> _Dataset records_
■ ■ ■ ■

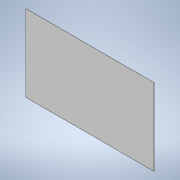
# Autodesk Inventor part: Aluminium_Grundplatte
Saved by Autodesk Inventor 2020 (Build 240168000, 168)
## iProperties
Created: 2023-11-19
Part Number: Aluminium_Grundplatte
Material: Aluminum 6061-AHC
Document SubType Name: Modeling
Designer: haniv
Density: 2.7 g/cm^3
Appearance: Aluminium - dunkel
Author: haniv
Autodesk Inventor part; units mm, degrees
ref_plane "YZ Plane" through (0, 0, 0) normal (1, 0, 0) x (0, 1, 0)
ref_plane "XZ Plane" through (0, 0, 0) normal (0, 1, 0) x (-1, 0, 0)
ref_plane "XY Plane" through (0, 0, 0) normal (0, 0, 1) x (1, 0, 0)
sketch "Skizze1" plane through (0, 0, 0) normal (0, 0, 1) x (1, 0, 0)
  line L0 (-500, 300) -> (500, 300)
  line L1 (500, 300) -> (500, -300)
  line L2 (500, -300) -> (-500, -300)
  line L3 (-500, -300) -> (-500, 300)
  point P0 (0, 0)
  point P1 (0, 300)
  point P2 (-500, 0)
  dimension "d0" = 1000
  dimension "d1" = 600
  constraints: 8 end point, 2 midpoint, 2 parallel, 1 horizontal, 1 horizontal alignment, 1 perpendicular, 1 vertical alignment
  measures "d0" distance of L1.end L2.end
  measures "d1" distance of L0.end L1.end
extrude "Extrusion1" add sketch "Skizze1" along normal blind 1

■ ■ ■ ■

Print each of the records above exactly as written, leaving no picture in the copy.

# Autodesk Inventor part: Aluminium_Grundplatte
Saved by Autodesk Inventor 2020 (Build 240168000, 168)
## iProperties
Created: 2023-11-19
Part Number: Aluminium_Grundplatte
Material: Aluminum 6061-AHC
Document SubType Name: Modeling
Designer: haniv
Density: 2.7 g/cm^3
Appearance: Aluminium - dunkel
Author: haniv
Autodesk Inventor part; units mm, degrees
ref_plane "YZ Plane" through (0, 0, 0) normal (1, 0, 0) x (0, 1, 0)
ref_plane "XZ Plane" through (0, 0, 0) normal (0, 1, 0) x (-1, 0, 0)
ref_plane "XY Plane" through (0, 0, 0) normal (0, 0, 1) x (1, 0, 0)
sketch "Skizze1" plane through (0, 0, 0) normal (0, 0, 1) x (1, 0, 0)
  line L0 (-500, 300) -> (500, 300)
  line L1 (500, 300) -> (500, -300)
  line L2 (500, -300) -> (-500, -300)
  line L3 (-500, -300) -> (-500, 300)
  point P0 (0, 0)
  point P1 (0, 300)
  point P2 (-500, 0)
  dimension "d0" = 1000
  dimension "d1" = 600
  constraints: 8 end point, 2 midpoint, 2 parallel, 1 horizontal, 1 horizontal alignment, 1 perpendicular, 1 vertical alignment
  measures "d0" distance of L1.end L2.end
  measures "d1" distance of L0.end L1.end
extrude "Extrusion1" add sketch "Skizze1" along normal blind 1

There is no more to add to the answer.